Gelen son dakika haberlerine göre vaka ve ölüm sayılarında adeta bir mucize yaratan Tayvan’ ın bu başarısının altında ise eski salgınlardan edinilen tecrübenin büyük payı var… Ülkede 200 gündür yerel vakaya rastlanmıyor.
SARS salgınında edindiği tecrübeyle erken ve etkili tedbirler alan Tayvan, yeni tip koronavirüsün yayılmasını önleme ve salgını kontrol altında tutmada ender başarılı örneklerden biri oldu.
Tayvan, dünyadaki çok sayıda ülkenin aksine, salgına karşı tedbir olarak topyekûn karantina uygulamadı. Sokağa çıkma yasaklarına başvurulmadı, okullar, iş yerleri ve işletmeler sürekli açık kaldı.
Türkiye’deki Temsilci Çıng, salgın süresince Tayvan halkının büyük çoğunluğu için hayatın olağan akışında devam ettiğini vurgulayarak, “Tayvan, salgının başından bu yana halkın bilinçli dikkati ve zamanında alınan tedbirler sayesinde topyekûn karantinaya ihtiyaç duymadı.” dedi.
‘VİRÜS RİSKİ SONA ERMİŞ DEĞİL’
Tayvan’da 200 günden fazla süredir yerel kaynaklı vakaya rastlamamasının büyük bir başarı olduğunu ifade eden Çıng, “Yerel vaka görülmemesi virüs riskinin kalmadığı anlamına gelmiyor.

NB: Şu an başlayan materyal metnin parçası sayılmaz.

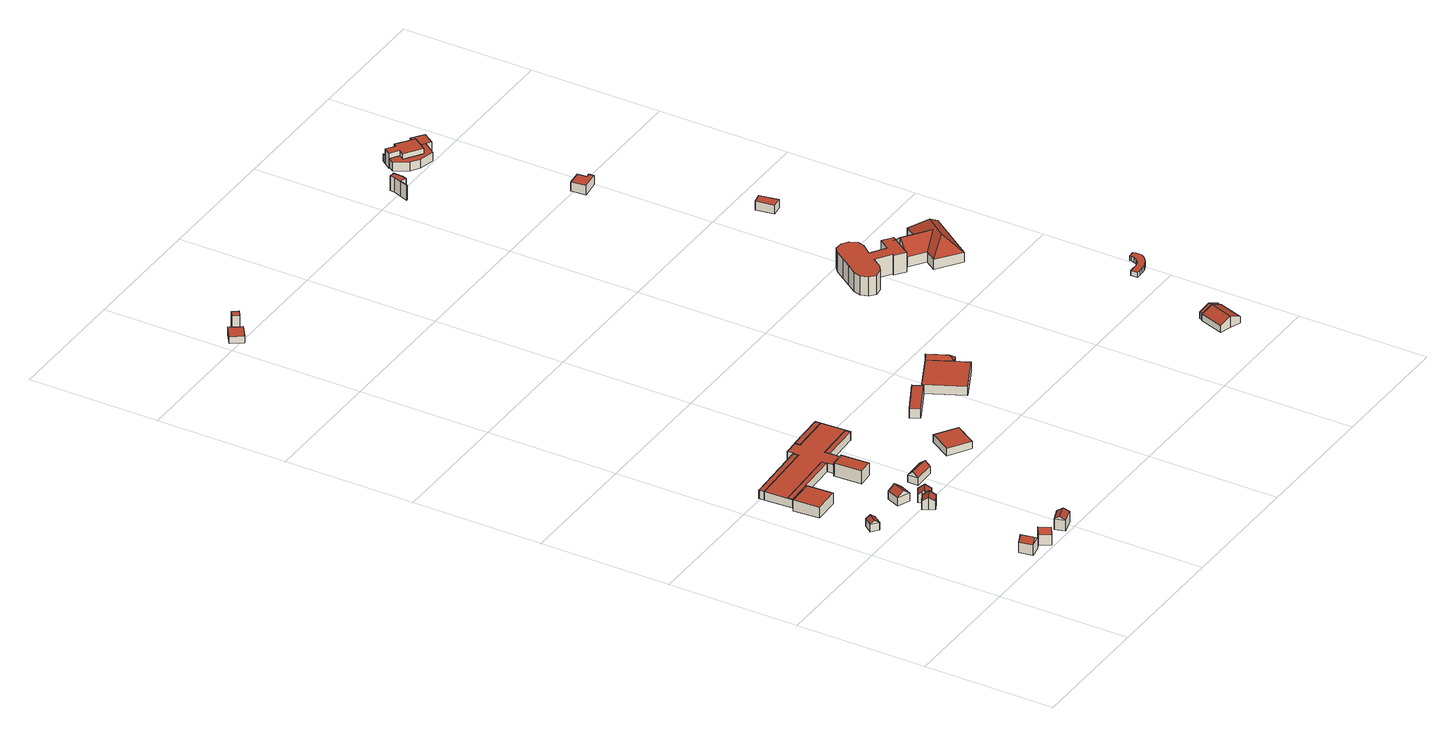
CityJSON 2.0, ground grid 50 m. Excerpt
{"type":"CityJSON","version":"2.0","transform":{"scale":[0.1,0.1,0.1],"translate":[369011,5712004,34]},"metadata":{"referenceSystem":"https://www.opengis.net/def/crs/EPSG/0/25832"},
"CityObjects":{
"building1":{"type":"Building","attributes":{"Geometrietyp2DReferenz":"3000","Gemeindeschluessel":"05513000","function":"31001_3260","roofType":"3100","measuredHeight":5.79},"address":[{"country":"Germany","locality":"Gelsenkirchen","thoroughfareNumber":"64","thoroughfareName":"Bleckstraße"}],"geometry":[{"type":"Solid","lod":"2","boundaries":[[[[0,1,2,3]],[[4,5,1,0]],[[6,7,5,4]],[[3,2,7,6]],[[0,8,4]],[[6,9,3]],[[3,9,8,0]],[[4,8,9,6]],[[1,5,7,2]]]],"semantics":{"surfaces":[{"type":"WallSurface"},{"type":"RoofSurface"},{"type":"GroundSurface"}],"values":[[0,0,0,0,0,0,1,1,2]]}}]},
"building2":{"type":"Building","attributes":{"Geometrietyp2DReferenz":"3000","Gemeindeschluessel":"05513000","function":"31001_3260","roofType":"3100","measuredHeight":4.39},"address":[{"country":"Germany","locality":"Gelsenkirchen","thoroughfareNumber":"64","thoroughfareName":"Bleckstraße"}],"geometry":[{"type":"Solid","lod":"2","boundaries":[[[[10,11,12,13]],[[14,15,11,10]],[[16,17,15,14]],[[13,12,17,16]],[[10,18,14]],[[16,19,13]],[[13,19,18,10]],[[14,18,19,16]],[[11,15,17,12]]]],"semantics":{"surfaces":[{"type":"WallSurface"},{"type":"RoofSurface"},{"type":"GroundSurface"}],"values":[[0,0,0,0,0,0,1,1,2]]}}]},
"building3":{"type":"Building","attributes":{"Geometrietyp2DReferenz":"3000","Gemeindeschluessel":"05513000","function":"31001_3260","roofType":"3100","measuredHeight":5.66},"address":[{"country":"Germany","locality":"Gelsenkirchen","thoroughfareNumber":"64","thoroughfareName":"Bleckstraße"}],"geometry":[{"type":"Solid","lod":"2","boundaries":[[[[20,21,22,23]],[[24,25,21,20]],[[26,27,25,24]],[[23,22,27,26]],[[20,28,24]],[[26,29,23]],[[23,29,28,20]],[[24,28,29,26]],[[21,25,27,22]]]],"semantics":{"surfaces":[{"type":"WallSurface"},{"type":"RoofSurface"},{"type":"GroundSurface"}],"values":[[0,0,0,0,0,0,1,1,2]]}}]},
"building4":{"type":"Building","attributes":{"Geometrietyp2DReferenz":"3000","Gemeindeschluessel":"05513000","function":"31001_3264","roofType":"1000","measuredHeight":4.33,"storeysAboveGround":1},"address":[{"country":"Germany","locality":"Gelsenkirchen","thoroughfareNumber":"64","thoroughfareName":"Bleckstraße"}],"geometry":[{"type":"Solid","lod":"2","boundaries":[[[[30,31,32,33]],[[34,35,31,30]],[[36,37,35,34]],[[33,32,37,36]],[[34,30,33,36]],[[31,35,37,32]]]],"semantics":{"surfaces":[{"type":"WallSurface"},{"type":"RoofSurface"},{"type":"GroundSurface"}],"values":[[0,0,0,0,1,2]]}}]},
"building5":{"type":"Building","attributes":{"Geometrietyp2DReferenz":"3000","Gemeindeschluessel":"05513000","function":"31001_3260","roofType":"3100","measuredHeight":5.54},"address":[{"country":"Germany","locality":"Gelsenkirchen","thoroughfareNumber":"64","thoroughfareName":"Bleckstraße"}],"geometry":[{"type":"Solid","lod":"2","boundaries":[[[[38,39,40,41]],[[42,43,39,38]],[[44,45,43,42]],[[41,40,45,44]],[[38,46,42]],[[44,47,41]],[[41,47,46,38]],[[42,46,47,44]],[[39,43,45,40]]]],"semantics":{"surfaces":[{"type":"WallSurface"},{"type":"RoofSurface"},{"type":"GroundSurface"}],"values":[[0,0,0,0,0,0,1,1,2]]}}]},
"building6":{"type":"Building","attributes":{"Geometrietyp2DReferenz":"3000","Gemeindeschluessel":"05513000","function":"31001_3260","roofType":"3100","measuredHeight":4.97},"address":[{"country":"Germany","locality":"Gelsenkirchen","thoroughfareNumber":"64","thoroughfareName":"Bleckstraße"}],"geometry":[{"type":"Solid","lod":"2","boundaries":[[[[48,49,50,51]],[[52,53,49,48]],[[54,55,53,52]],[[56,57,55,54]],[[58,59,57,56]],[[60,61,59,58]],[[51,50,61,60]],[[54,52,48,56]],[[51,60,58,56,48]],[[49,53,55,57,59,61,50]]]],"semantics":{"surfaces":[{"type":"WallSurface"},{"type":"RoofSurface"},{"type":"GroundSurface"}],"values":[[0,0,0,0,0,0,0,1,1,2]]}}]},
"building7":{"type":"Building","attributes":{"Geometrietyp2DReferenz":"3000","Gemeindeschluessel":"05513000","function":"51009_1610","roofType":"1000","measuredHeight":3.39},"geometry":[{"type":"Solid","lod":"2","boundaries":[[[[62,63,64,65]],[[66,67,63,62]],[[68,69,67,66]],[[65,64,69,68]],[[66,62,65,68]],[[63,67,69,64]]]],"semantics":{"surfaces":[{"type":"WallSurface"},{"type":"RoofSurface"},{"type":"GroundSurface"}],"values":[[0,0,0,0,1,2]]}}]},
"building8":{"type":"Building","attributes":{"Geometrietyp2DReferenz":"3000","Gemeindeschluessel":"05513000","function":"31001_3260","roofType":"3100","measuredHeight":5.21},"address":[{"country":"Germany","locality":"Gelsenkirchen","thoroughfareNumber":"64","thoroughfareName":"Bleckstraße"}],"geometry":[{"type":"Solid","lod":"2","boundaries":[[[[70,71,72,73]],[[74,75,71,70]],[[76,77,75,74]],[[73,72,77,76]],[[70,78,74]],[[76,79,73]],[[73,79,78,70]],[[74,78,79,76]],[[71,75,77,72]]]],"semantics":{"surfaces":[{"type":"WallSurface"},{"type":"RoofSurface"},{"type":"GroundSurface"}],"values":[[0,0,0,0,0,0,1,1,2]]}}]},
"building9":{"type":"Building","attributes":{"Geometrietyp2DReferenz":"3000","Gemeindeschluessel":"05513000","function":"51009_1610","roofType":"1000","measuredHeight":3.41},"geometry":[{"type":"Solid","lod":"2","boundaries":[[[[80,81,82,83]],[[84,85,81,80]],[[86,87,85,84]],[[83,82,87,86]],[[84,80,83,86]],[[81,85,87,82]]]],"semantics":{"surfaces":[{"type":"WallSurface"},{"type":"RoofSurface"},{"type":"GroundSurface"}],"values":[[0,0,0,0,1,2]]}}]},
"building10":{"type":"Building","attributes":{"Geometrietyp2DReferenz":"3000","Gemeindeschluessel":"05513000","function":"31001_3260","roofType":"3100","measuredHeight":4.9},"address":[{"country":"Germany","locality":"Gelsenkirchen","thoroughfareNumber":"64","thoroughfareName":"Bleckstraße"}],"geometry":[{"type":"Solid","lod":"2","boundaries":[[[[88,89,90,91]],[[92,93,89,88]],[[94,95,93,92]],[[96,97,95,94]],[[98,99,97,96]],[[100,101,99,98]],[[91,90,101,100]],[[94,92,88,91,96]],[[100,98,96,91]],[[89,93,95,97,99,101,90]]]],"semantics":{"surfaces":[{"type":"WallSurface"},{"type":"RoofSurface"},{"type":"GroundSurface"}],"values":[[0,0,0,0,0,0,0,1,1,2]]}}]},
"building11":{"type":"Building","attributes":{"Geometrietyp2DReferenz":"3000","Gemeindeschluessel":"05513000","function":"31001_3260","roofType":"1000","measuredHeight":3.38,"storeysAboveGround":1},"address":[{"country":"Germany","locality":"Gelsenkirchen","thoroughfareNumber":"64","thoroughfareName":"Bleckstraße"}],"geometry":[{"type":"Solid","lod":"2","boundaries":[[[[84,85,87,86]],[[80,81,85,84]],[[83,82,81,80]],[[102,103,82,83]],[[104,105,103,102]],[[106,107,105,104]],[[108,109,107,106]],[[110,111,109,108]],[[112,113,111,110]],[[114,115,113,112]],[[116,117,115,114]],[[118,119,117,116]],[[120,121,119,118]],[[122,123,121,120]],[[124,125,123,122]],[[126,127,125,124]],[[128,129,127,126]],[[130,131,129,128]],[[62,63,131,130]],[[65,64,63,62]],[[68,69,64,65]],[[66,67,69,68]],[[132,133,67,66]],[[134,135,133,132]],[[86,87,135,134]],[[132,66,68,65,62,130,128,126,124,122,120,118,116,114,112,110,108,106,104,102,83,80,84,86,134]],[[85,81,82,103,105,107,109,111,113,115,117,119,121,123,125,127,129,131,63,64,69,67,133,135,87]]]],"semantics":{"surfaces":[{"type":"WallSurface"},{"type":"RoofSurface"},{"type":"GroundSurface"}],"values":[[0,0,0,0,0,0,0,0,0,0,0,0,0,0,0,0,0,0,0,0,0,0,0,0,0,1,2]]}}]},
"building12":{"type":"Building","attributes":{"Geometrietyp2DReferenz":"3000","Gemeindeschluessel":"05513000","function":"51009_1610","roofType":"1000","measuredHeight":5.15},"geometry":[{"type":"Solid","lod":"2","boundaries":[[[[136,137,138,139]],[[140,141,137,136]],[[142,143,141,140]],[[139,138,143,142]],[[142,140,136,139]],[[137,141,143,138]]]],"semantics":{"surfaces":[{"type":"WallSurface"},{"type":"RoofSurface"},{"type":"GroundSurface"}],"values":[[0,0,0,0,1,2]]}}]},
"building13":{"type":"Building","attributes":{"Geometrietyp2DReferenz":"3000","Gemeindeschluessel":"05513000","function":"31001_3260","roofType":"3100","measuredHeight":4.71},"address":[{"country":"Germany","locality":"Gelsenkirchen","thoroughfareNumber":"64","thoroughfareName":"Bleckstraße"}],"geometry":[{"type":"Solid","lod":"2","boundaries":[[[[144,145,146,147]],[[148,149,145,144]],[[150,151,149,148]],[[147,146,151,150]],[[144,152,148]],[[150,153,147]],[[147,153,152,144]],[[148,152,153,150]],[[145,149,151,146]]]],"semantics":{"surfaces":[{"type":"WallSurface"},{"type":"RoofSurface"},{"type":"GroundSurface"}],"values":[[0,0,0,0,0,0,1,1,2]]}}]},
"building14":{"type":"Building","attributes":{"Geometrietyp2DReferenz":"3000","Gemeindeschluessel":"05513000","function":"51009_1610","roofType":"1000","measuredHeight":3.27},"geometry":[{"type":"Solid","lod":"2","boundaries":[[[[118,154,155,120]],[[124,156,154,118]],[[122,157,156,124]],[[120,155,157,122]],[[124,118,120,122]],[[154,156,157,155]]]],"semantics":{"surfaces":[{"type":"WallSurface"},{"type":"RoofSurface"},{"type":"GroundSurface"}],"values":[[0,0,0,0,1,2]]}}]},
"building15":{"type":"Building","attributes":{"Geometrietyp2DReferenz":"3000","Gemeindeschluessel":"05513000","function":"51009_1610","roofType":"1000","measuredHeight":3.39},"geometry":[{"type":"Solid","lod":"2","boundaries":[[[[158,159,160,161]],[[162,163,159,158]],[[164,165,163,162]],[[161,160,165,164]],[[162,158,161,164]],[[159,163,165,160]]]],"semantics":{"surfaces":[{"type":"WallSurface"},{"type":"RoofSurface"},{"type":"GroundSurface"}],"values":[[0,0,0,0,1,2]]}}]},
"building16":{"type":"Building","attributes":{"Geometrietyp2DReferenz":"3000","Gemeindeschluessel":"05513000","function":"31001_3260","roofType":"1000","measuredHeight":2.96},"address":[{"country":"Germany","locality":"Gelsenkirchen","thoroughfareNumber":"64","thoroughfareName":"Bleckstraße"}],"geometry":[{"type":"Solid","lod":"2","boundaries":[[[[166,167,168,169]],[[170,171,167,166]],[[172,173,171,170]],[[169,168,173,172]],[[170,166,169,172]],[[167,171,173,168]]]],"semantics":{"surfaces":[{"type":"WallSurface"},{"type":"RoofSurface"},{"type":"GroundSurface"}],"values":[[0,0,0,0,1,2]]}}]},
"building17":{"type":"Building","attributes":{"Geometrietyp2DReferenz":"3000","Gemeindeschluessel":"05513000","function":"31001_3260","roofType":"1000","measuredHeight":2.68},"address":[{"country":"Germany","locality":"Gelsenkirchen","thoroughfareNumber":"64","thoroughfareName":"Bleckstraße"}],"geometry":[{"type":"Solid","lod":"2","boundaries":[[[[174,175,176,177]],[[178,179,175,174]],[[180,181,179,178]],[[177,176,181,180]],[[178,174,177,180]],[[175,179,181,176]]]],"semantics":{"surfaces":[{"type":"WallSurface"},{"type":"RoofSurface"},{"type":"GroundSurface"}],"values":[[0,0,0,0,1,2]]}}]},
"building18":{"type":"Building","attributes":{"Geometrietyp2DReferenz":"3000","Gemeindeschluessel":"05513000","function":"31001_3260","roofType":"1000","measuredHeight":6.58},"address":[{"country":"Germany","locality":"Gelsenkirchen","thoroughfareNumber":"64","thoroughfareName":"Bleckstraße"}],"geometry":[{"type":"Solid","lod":"2","boundaries":[[[[182,183,184,185]],[[186,187,183,182]],[[188,189,187,186]],[[185,184,189,188]],[[186,182,185,188]],[[183,187,189,184]]]],"semantics":{"surfaces":[{"type":"WallSurface"},{"type":"RoofSurface"},{"type":"GroundSurface"}],"values":[[0,0,0,0,1,2]]}}]},
"building19":{"type":"Building","attributes":{"Geometrietyp2DReferenz":"3000","Gemeindeschluessel":"05513000","function":"31001_3260","roofType":"1000","measuredHeight":3.67},"address":[{"country":"Germany","locality":"Gelsenkirchen","thoroughfareNumber":"64","thoroughfareName":"Bleckstraße"}],"geometry":[{"type":"Solid","lod":"2","boundaries":[[[[190,191,192,193]],[[194,195,191,190]],[[196,197,195,194]],[[193,192,197,196]],[[194,190,193,196]],[[191,195,197,192]]]],"semantics":{"surfaces":[{"type":"WallSurface"},{"type":"RoofSurface"},{"type":"GroundSurface"}],"values":[[0,0,0,0,1,2]]}}]},
"building20":{"type":"Building","attributes":{"name":"Nashorngebäude","Gemeindeschluessel":"05513000","Geometrietyp2DReferenz":"3000","function":"31001_3260"},"address":[{"country":"Germany","locality":"Gelsenkirchen","thoroughfareNumber":"64","thoroughfareName":"Bleckstraße"}],"children":["building20-1","building20-2"]},
"building20-1":{"type":"BuildingPart","attributes":{"roofType":"1000","measuredHeight":3.69,"storeysAboveGround":1},"parents":["building20"],"geometry":[{"type":"MultiSurface","lod":"2","boundaries":[[[198,199,200,201]],[[202,203,199,198]],[[204,205,203,202]],[[202,198,201,204]],[[199,203,205,200]],[[206,201,200,207]],[[204,206,207,205]]],"semantics":{"surfaces":[{"type":"WallSurface"},{"type":"RoofSurface"},{"type":"GroundSurface"},{"type":"ClosureSurface"}],"values":[0,0,0,1,2,0,3]}}]},
"building20-2":{"type":"BuildingPart","attributes":{"roofType":"5000","measuredHeight":5.48,"storeysAboveGround":1},"parents":["building20"],"geometry":[{"type":"MultiSurface","lod":"2","boundaries":[[[208,209,210,211]],[[212,207,209,208]],[[211,210,205,213]],[[208,214,212]],[[213,215,211]],[[211,215,214,208]],[[212,214,215,213]],[[209,207,205,210]],[[212,213,204,206]],[[206,204,205,207]]],"semantics":{"surfaces":[{"type":"WallSurface"},{"type":"RoofSurface"},{"type":"GroundSurface"},{"type":"ClosureSurface"}],"values":[0,0,0,1,0,1,1,2,0,3]}}]},
"building21":{"type":"Building","attributes":{"Geometrietyp2DReferenz":"3000","Gemeindeschluessel":"05513000","function":"51009_1610","roofType":"9999","measuredHeight":7.81},"geometry":[{"type":"Solid","lod":"2","boundaries":[[[[216,217,218,219,220,221,222,223,224,225,226,227,228,229,230,231,232,233,234,235,236,237]],[[235,238,239,236]],[[234,240,238,235]],[[233,241,240,234]],[[232,242,241,233]],[[231,243,242,232]],[[230,244,243,231]],[[229,245,244,230]],[[228,246,245,229]],[[227,247,246,228]],[[226,248,247,227]],[[225,249,248,226]],[[224,250,249,225]],[[223,251,250,224]],[[219,252,253,220]],[[222,254,251,223]],[[221,255,254,222]],[[220,253,255,221]],[[218,256,252,219]],[[217,257,256,218]],[[216,258,257,217]],[[237,259,258,216]],[[236,239,259,237]],[[238,240,241,242,243,244,245,246,247,248,249,250,251,254,255,253,252,256,257,258,259,239]]]],"semantics":{"surfaces":[{"type":"RoofSurface"},{"type":"WallSurface"},{"type":"GroundSurface"}],"values":[[0,1,1,1,1,1,1,1,1,1,1,1,1,1,1,1,1,1,1,1,1,1,1,2]]}}]},
"building22":{"type":"Building","attributes":{"Geometrietyp2DReferenz":"3000","Gemeindeschluessel":"05513000","function":"31001_3260","roofType":"3100","measuredHeight":4.45},"address":[{"country":"Germany","locality":"Gelsenkirchen","thoroughfareNumber":"64","thoroughfareName":"Bleckstraße"}],"geometry":[{"type":"Solid","lod":"2","boundaries":[[[[260,261,262,263]],[[264,265,261,260]],[[266,267,265,264]],[[268,269,267,266]],[[270,271,269,268]],[[272,273,271,270]],[[274,275,273,272]],[[263,262,275,274]],[[266,264,260,263,268]],[[274,272,270,268,263]],[[261,265,267,269,271,273,275,262]]]],"semantics":{"surfaces":[{"type":"WallSurface"},{"type":"RoofSurface"},{"type":"GroundSurface"}],"values":[[0,0,0,0,0,0,0,0,1,1,2]]}}]},
"building23":{"type":"Building","attributes":{"Geometrietyp2DReferenz":"3000","Gemeindeschluessel":"05513000","function":"51009_1610","roofType":"3100","measuredHeight":4.4},"geometry":[{"type":"Solid","lod":"2","boundaries":[[[[276,271,277,278]],[[279,267,271,276]],[[280,281,267,279]],[[278,277,281,280]],[[276,268,279]],[[280,282,278]],[[278,282,268,276]],[[279,268,282,280]],[[271,267,281,277]]]],"semantics":{"surfaces":[{"type":"WallSurface"},{"type":"RoofSurface"},{"type":"GroundSurface"}],"values":[[0,0,0,0,0,0,1,1,2]]}}]},
"building24":{"type":"Building","attributes":{"Geometrietyp2DReferenz":"3000","Gemeindeschluessel":"05513000","function":"31001_3260","roofType":"1000","measuredHeight":5.9},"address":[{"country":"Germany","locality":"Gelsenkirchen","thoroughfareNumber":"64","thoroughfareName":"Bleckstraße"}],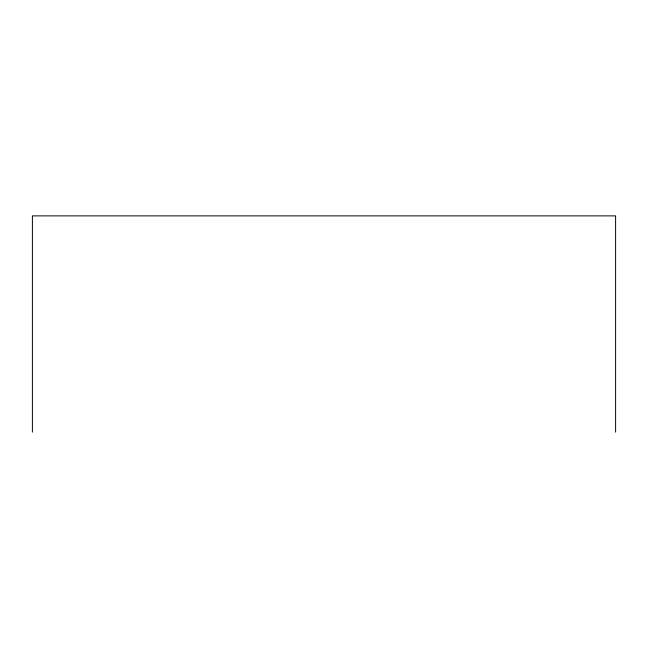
<?xml version="1.0" encoding="UTF-8"?>
<svg xmlns="http://www.w3.org/2000/svg" width="648" height="648" viewBox="0 0 648 648"><rect width="100%" height="100%" fill="white"/><g stroke="black" fill="none" stroke-linecap="round" stroke-linejoin="round"><path stroke-width="0.97" d="M615.6 432.119L615.6 215.881L32.4 215.881L32.4 432.119"/></g></svg>

Amacımız riski yönetilebilir hale getirmek. İnsanlara gündelik hayatlarında salgına karşı mücadele önlemlerini uygulamayı sürdürmelerini salık veriyoruz.” diye konuştu. Temsilci Çıng, kış öncesinde olası yeni dalgaya ve mevsimsel hastalıklara karşı hazır olduklarını ifade etti.